6. Tanksley, Peter T. et al. (2023). Do polygenic indices capture "direct" effects on child externalizing behavior? Within-family analyses in two longitudinal birth cohorts. medRxiv. DOI: https://doi.org/10.1101/2023.05.31.23290802.

7. Ge, T., Chen, CY., Ni, Y. et al. Polygenic prediction via Bayesian regression and continuous shrinkage priors. Nat Commun 10, 1776 (2019). https://doi.org/10.1038/s41467-019-09718-5

8. Bycroft, C., Freeman, C., Petkova, D. et al. The UK Biobank resource with deep phenotyping and genomic data.

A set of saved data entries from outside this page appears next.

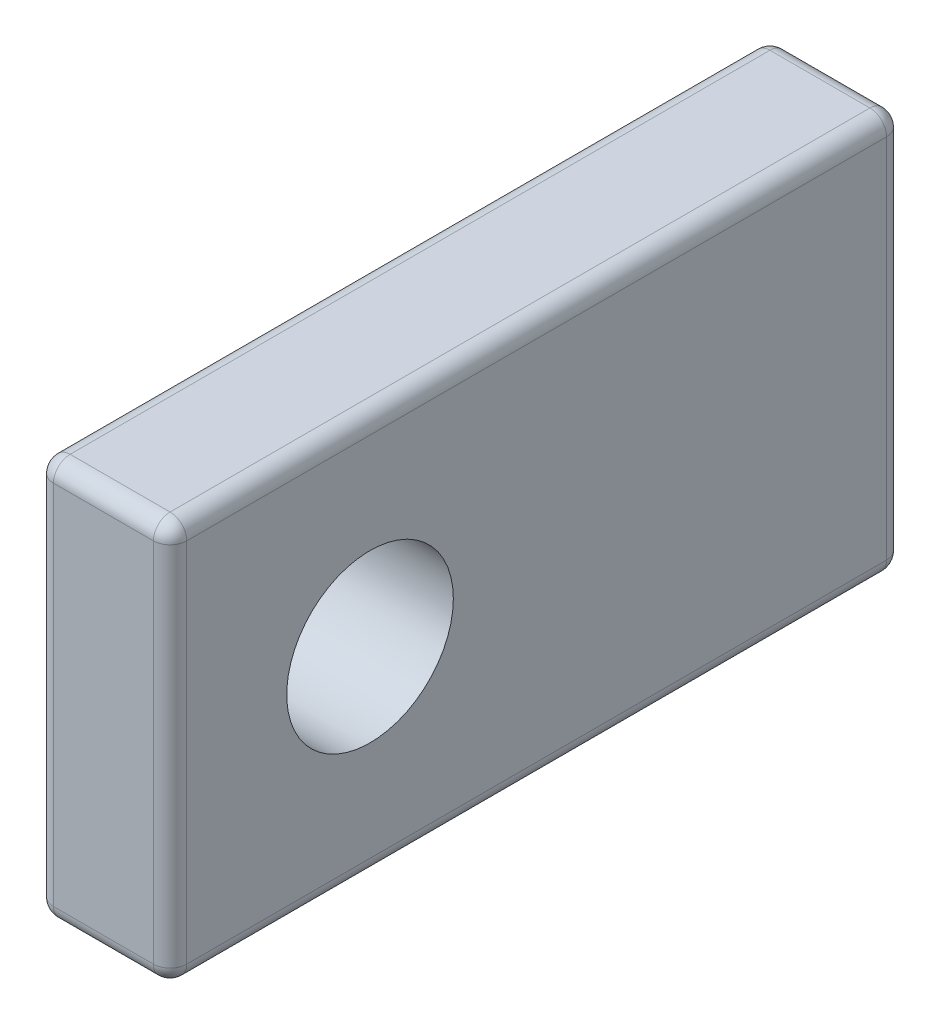
SolidWorks part; units mm, degrees
material "Alloy Steel"
ref_plane "Front Plane" through (0, 0, 0) normal (0, 0, 1) x (1, 0, 0)
ref_plane "Top Plane" through (0, 0, 0) normal (0, 1, 0) x (1, 0, 0)
ref_plane "Right Plane" through (0, 0, 0) normal (1, 0, 0) x (0, 0, -1)
sketch "Sketch2" plane through (0, 0, 0) normal (1, 0, 0) x (0, 0, -1)
  line L1 (-9.525, 9.525) -> (25.4, 9.525)
  line L2 (-9.525, 9.525) -> (-9.525, -9.525)
  line L3 (-9.525, -9.525) -> (25.4, -9.525)
  line L4 (25.4, 9.525) -> (25.4, -9.525)
  circle A0 centre (0, 0) radius 3.9688
  dimension "D1" = 7.9375
  dimension "D2" = 9.525
  dimension "D3" = 34.925
  dimension "D4" = 19.05
  dimension "D5" = 9.525
extrude "Boss-Extrude1" add sketch "Sketch2" along normal mid plane 6.35
fillet "Fillet1" radius 0.7937 12 edges at (-3.175, -9.525, -7.9375) (0, -9.525, -25.4) (0, 9.525, -25.4) (-3.175, 9.525, -7.9375) (-3.175, 0, -25.4) (3.175, 0, -25.4) (3.175, -9.525, -7.9375) (0, -9.525, 9.525) (-3.175, 0, 9.525) (3.175, 0, 9.525) (0, 9.525, 9.525) (3.175, 9.525, -7.9375)
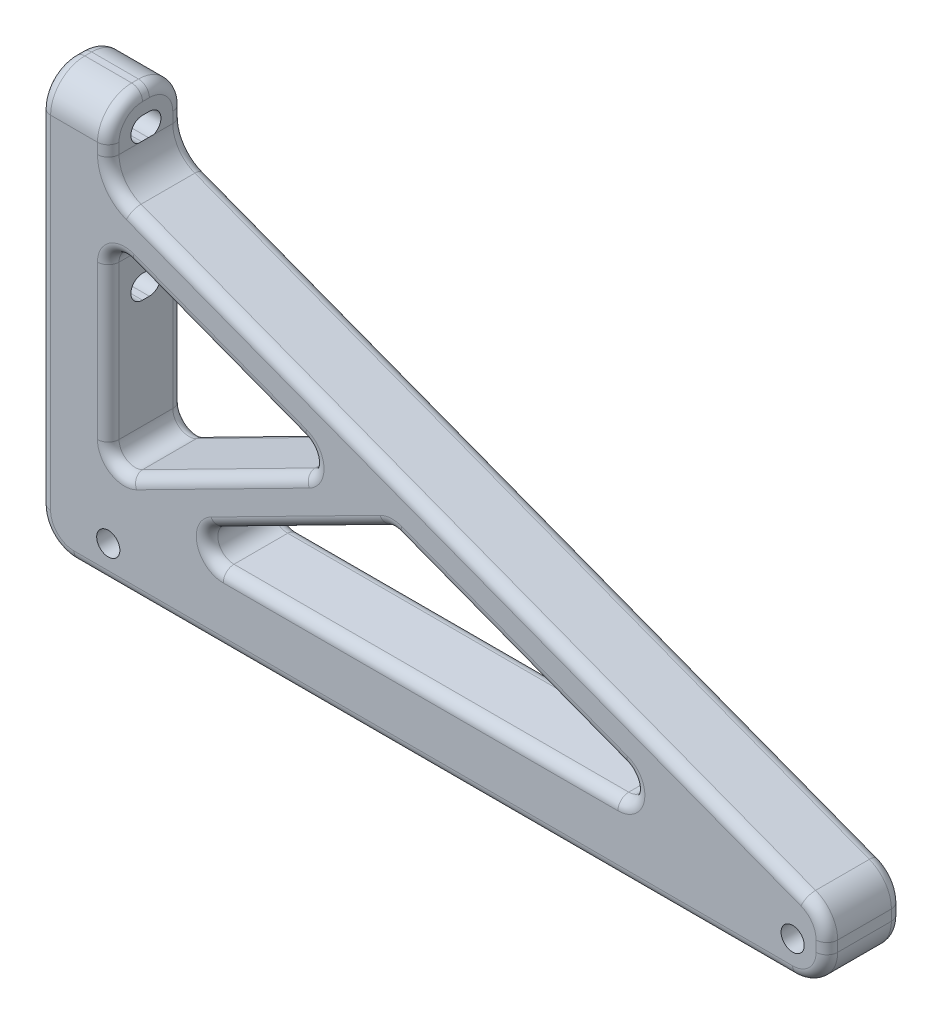
SolidWorks part; units mm, degrees
ref_plane "Front Plane" through (0, 0, 0) normal (0, 0, 1) x (1, 0, 0)
ref_plane "Top Plane" through (0, 0, 0) normal (0, 1, 0) x (1, 0, 0)
ref_plane "Right Plane" through (0, 0, 0) normal (1, 0, 0) x (0, 0, -1)
sketch "Sketch1" plane through (0, 0, 0) normal (0, 0, 1) x (1, 0, 0)
  line L0 (-12.7, 57.15) -> (-12.7, -6.35)
  line L1 (-12.7, -6.35) -> (133.35, -6.35)
  line L2 (133.35, -6.35) -> (133.35, 6.35)
  line L3 (133.35, 6.35) -> (0, 57.15)
  line L4 (0, 57.15) -> (-12.7, 57.15)
  line L5 (0, 48.5892) -> (0, 6.35)
  line L6 (0, 6.35) -> (110.8778, 6.35)
  line L7 (110.8778, 6.35) -> (0, 48.5892)
  line L8 (0, 6.35) -> (47.472, 30.5046) construction
  line L9 (8.8205, 6.35) -> (52.516, 28.5831)
  line L10 (0, 10.838) -> (42.428, 32.4261)
  line L12 (-12.7, 57.15) -> (0, 57.15)
  line L13 (-12.7, 57.15) -> (-12.7, 69.85)
  line L14 (-12.7, 69.85) -> (0, 69.85)
  line L15 (0, 57.15) -> (0, 69.85)
  circle A0 centre (0, 0) radius 2.15
  circle A1 centre (127, 0) radius 2.15
  dimension "D1" = 4.3
  dimension "D2" = 127
  dimension "D3" = 6.35
  dimension "D4" = 12.7
  dimension "D5" = 6.35
  dimension "D6" = 12.7
  dimension "D7" = 63.5
  dimension "D8" = 12.7
  dimension "D9" = 12.7
  dimension "D10" = 8
  dimension "D11" = 8
  dimension "D12" = 12.7
  dimension "D13" = 50.8
extrude "Boss-Extrude1" add sketch "Sketch1" along normal blind 13.97 contours L3 | L3 L4 L0 L1 L2 A1 A0 L7 L6 L5 | L4 L15 L14 L13 | L5 L8 L7 L10 | L8 L6 L9 L7 region at (-6.35, 55.5574, 0) region at (-6.35, 63.5, 0) region at (22.4986, 19.9997, 0) region at (27.1543, 17.9535, 0)
fillet "Fillet1" radius 3 6 edges at (110.8778, 6.35, 6.985) (52.516, 28.5831, 6.985) (8.8205, 6.35, 6.985) (0, 10.838, 6.985) (42.428, 32.4261, 6.985) (0, 48.5892, 6.985)
fillet "Fillet2" radius 6.35 6 edges at (133.35, 6.35, 6.985) (133.35, -6.35, 6.985) (-12.7, -6.35, 6.985) (0, 57.15, 6.985) (-6.35, 69.85, 0) (-6.35, 69.85, 13.97)
sketch "Sketch2" plane through (0, 0, 0) normal (1, 0, 0) x (0, 0, -1)
  line L1 (-7.62, 63.5) -> (-6.35, 63.5) construction
  line L2 (-7.62, 65.65) -> (-6.35, 65.65)
  line L3 (-7.62, 61.35) -> (-6.35, 61.35)
  line L4 (0, 61.5261) -> (0, 63.5) construction
  line L5 (-13.97, 61.5261) -> (-13.97, 55.5921) construction
  line L6 (-7.62, 69.85) -> (-6.35, 69.85) construction
  line L7 (-7.62, 35.95) -> (-6.35, 35.95)
  line L8 (-7.62, 40.25) -> (-6.35, 40.25)
  line L9 (-7.62, 38.1) -> (-6.35, 38.1) construction
  arc A1 (-7.62, 65.65) -> (-7.62, 61.35) centre (-7.62, 63.5) ccw
  arc A2 (-6.35, 61.35) -> (-6.35, 65.65) centre (-6.35, 63.5) ccw
  arc A3 (-7.62, 40.25) -> (-7.62, 35.95) centre (-7.62, 38.1) ccw
  arc A4 (-6.35, 35.95) -> (-6.35, 40.25) centre (-6.35, 38.1) ccw
  point P2 (-6.985, 63.5)
  point P16 (-6.985, 38.1)
  dimension "D1" = 2.15
  dimension "D2" = 6.35
  dimension "D3" = 6.35
  dimension "D4" = 6.35
  dimension "D6" = 25.4
  dimension "D5" = 2
extrude "Cut-Extrude1" cut sketch "Sketch2" against normal through all
fillet "Fillet3" radius 2 48 edges at (1.4318, 13.173, 0) (0, 29.9832, 0) (1.2976, 46.7062, 0) (20.0864, 40.9372, 0) (38.0326, 32.1914, 0) (97.5262, 8.807, 0) (57.9538, 6.35, 0) (18.4146, 8.6505, 0) (35.651, 20.0018, 0) (52.531, 28.3018, 0) (18.4146, 8.6505, 13.97) (57.9538, 6.35, 13.97) (97.5262, 8.807, 13.97) (74.7013, 20.1315, 13.97) (52.531, 28.3018, 13.97) (38.0326, 32.1914, 13.97) (20.3789, 21.2072, 13.97) (1.4318, 13.173, 13.97) (0, 29.9832, 13.97) (1.2976, 46.7062, 13.97) (132.2286, 5.5772, 13.97) (133.35, 0.9869, 13.97) (131.4901, -4.4901, 13.97) (60.325, -6.35, 13.97) (-10.8401, -4.4901, 13.97) (-12.7, 31.75, 13.97) (-12.7, 67.9901, 12.1101) (-12.7, 69.85, 6.985) (-12.7, 67.9901, 1.8599) (-12.7, 31.75, 0) (-10.8401, -4.4901, 0) (60.325, -6.35, 0) (131.4901, -4.4901, 0) (133.35, 0.9869, 0) (132.2286, 5.5772, 0) (66.675, 31.75, 0) (1.1214, 57.9228, 0) (0, 62.5131, 0) (0, 67.9901, 1.8599) (0, 69.85, 6.985) (0, 67.9901, 12.1101) (0, 62.5131, 13.97) (1.1214, 57.9228, 13.97) (20.3789, 21.2072, 0) (74.7013, 20.1315, 0) (35.651, 20.0018, 13.97) (20.0864, 40.9372, 13.97) (66.675, 31.75, 13.97)
sketch "Sketch3" plane through (0, 0, 13.97) normal (0, 0, 1) x (1, 0, 0)
  line L1 (0, 0) -> (127, 0) construction
  line L3 (10.3886, 2.3114) -> (15.0114, 2.3114)
  line L4 (10.3886, 2.3114) -> (10.3886, -2.3114)
  line L5 (10.3886, -2.3114) -> (15.0114, -2.3114)
  line L6 (15.0114, 2.3114) -> (15.0114, -2.3114)
  line L7 (10.3886, 2.3114) -> (15.0114, -2.3114) construction
  line L8 (10.3886, -2.3114) -> (15.0114, 2.3114) construction
  line L9 (111.9886, 2.3114) -> (116.6114, 2.3114)
  line L10 (111.9886, 2.3114) -> (111.9886, -2.3114)
  line L11 (111.9886, -2.3114) -> (116.6114, -2.3114)
  line L12 (116.6114, 2.3114) -> (116.6114, -2.3114)
  line L13 (111.9886, 2.3114) -> (116.6114, -2.3114) construction
  line L14 (111.9886, -2.3114) -> (116.6114, 2.3114) construction
  point P0 (12.7, 0)
  point P9 (114.3, 0)
  point P14 (116.6114, 0)
  dimension "D1" = 4.6228
  dimension "D2" = 12.7
  dimension "D3" = 4.6228
  dimension "D4" = 12.7
extrude "Boss-Extrude2" add sketch "Sketch3" against normal blind 2 from surface starting at face at (13.4439, 30.7222, 0)
fillet "Fillet4" radius 0.508 16 edges at (114.3, -2.3114, -2) (111.9886, 0, -2) (114.3, 2.3114, -2) (116.6114, 0, -2) (12.7, -2.3114, -2) (10.3886, 0, -2) (12.7, 2.3114, -2) (15.0114, 0, -2) (116.6114, 2.3114, -1) (116.6114, -2.3114, -1) (111.9886, -2.3114, -1) (111.9886, 2.3114, -1) (10.3886, -2.3114, -1) (15.0114, -2.3114, -1) (10.3886, 2.3114, -1) (15.0114, 2.3114, -1)

Nature 562, 203–209 (2018). https://doi.org/10.1038/s41586-018-0579-z

Supplement

‍

Supplementary Table A: How each disease case is defined when evaluating genetic risk scores in the UK Biobank

Phenotype	ICD-10 Codes	Self-Report Codes	Cases in UK Biobank (White British)
Prostate cancer	C61, D075	1044	13,806
Type 2 diabetes	E11.1-9	1223	30,507
Coronary artery disease	I210-4,I219,I220I221,I228, I232, I233, I235, I236, I238, I249, I252	1075	22,451
Breast cancer	C5.0-9, D05.0, D059	1002	18,588
Atrial fibrillation	I48.0-4, I48.9	1471, 1483	22,472
Schizophrenia	F20.0-9, F21, F23.0-3, F23.8	1289	1,376
Class III Obesity*	-	-
Depression**	-	-
Bipolar disorder	F31	1291	1,855

Class III Obesity was defined as having a BMI (UK Biobank Field 21001) of 40 kg/m2 or above.
The depression phenotype was defined for participants who participated in the Mental Health Survey who had researcher-derived “probable recurrent depression (severe)”, and controls excluded participants with any depression or bipolar disorder.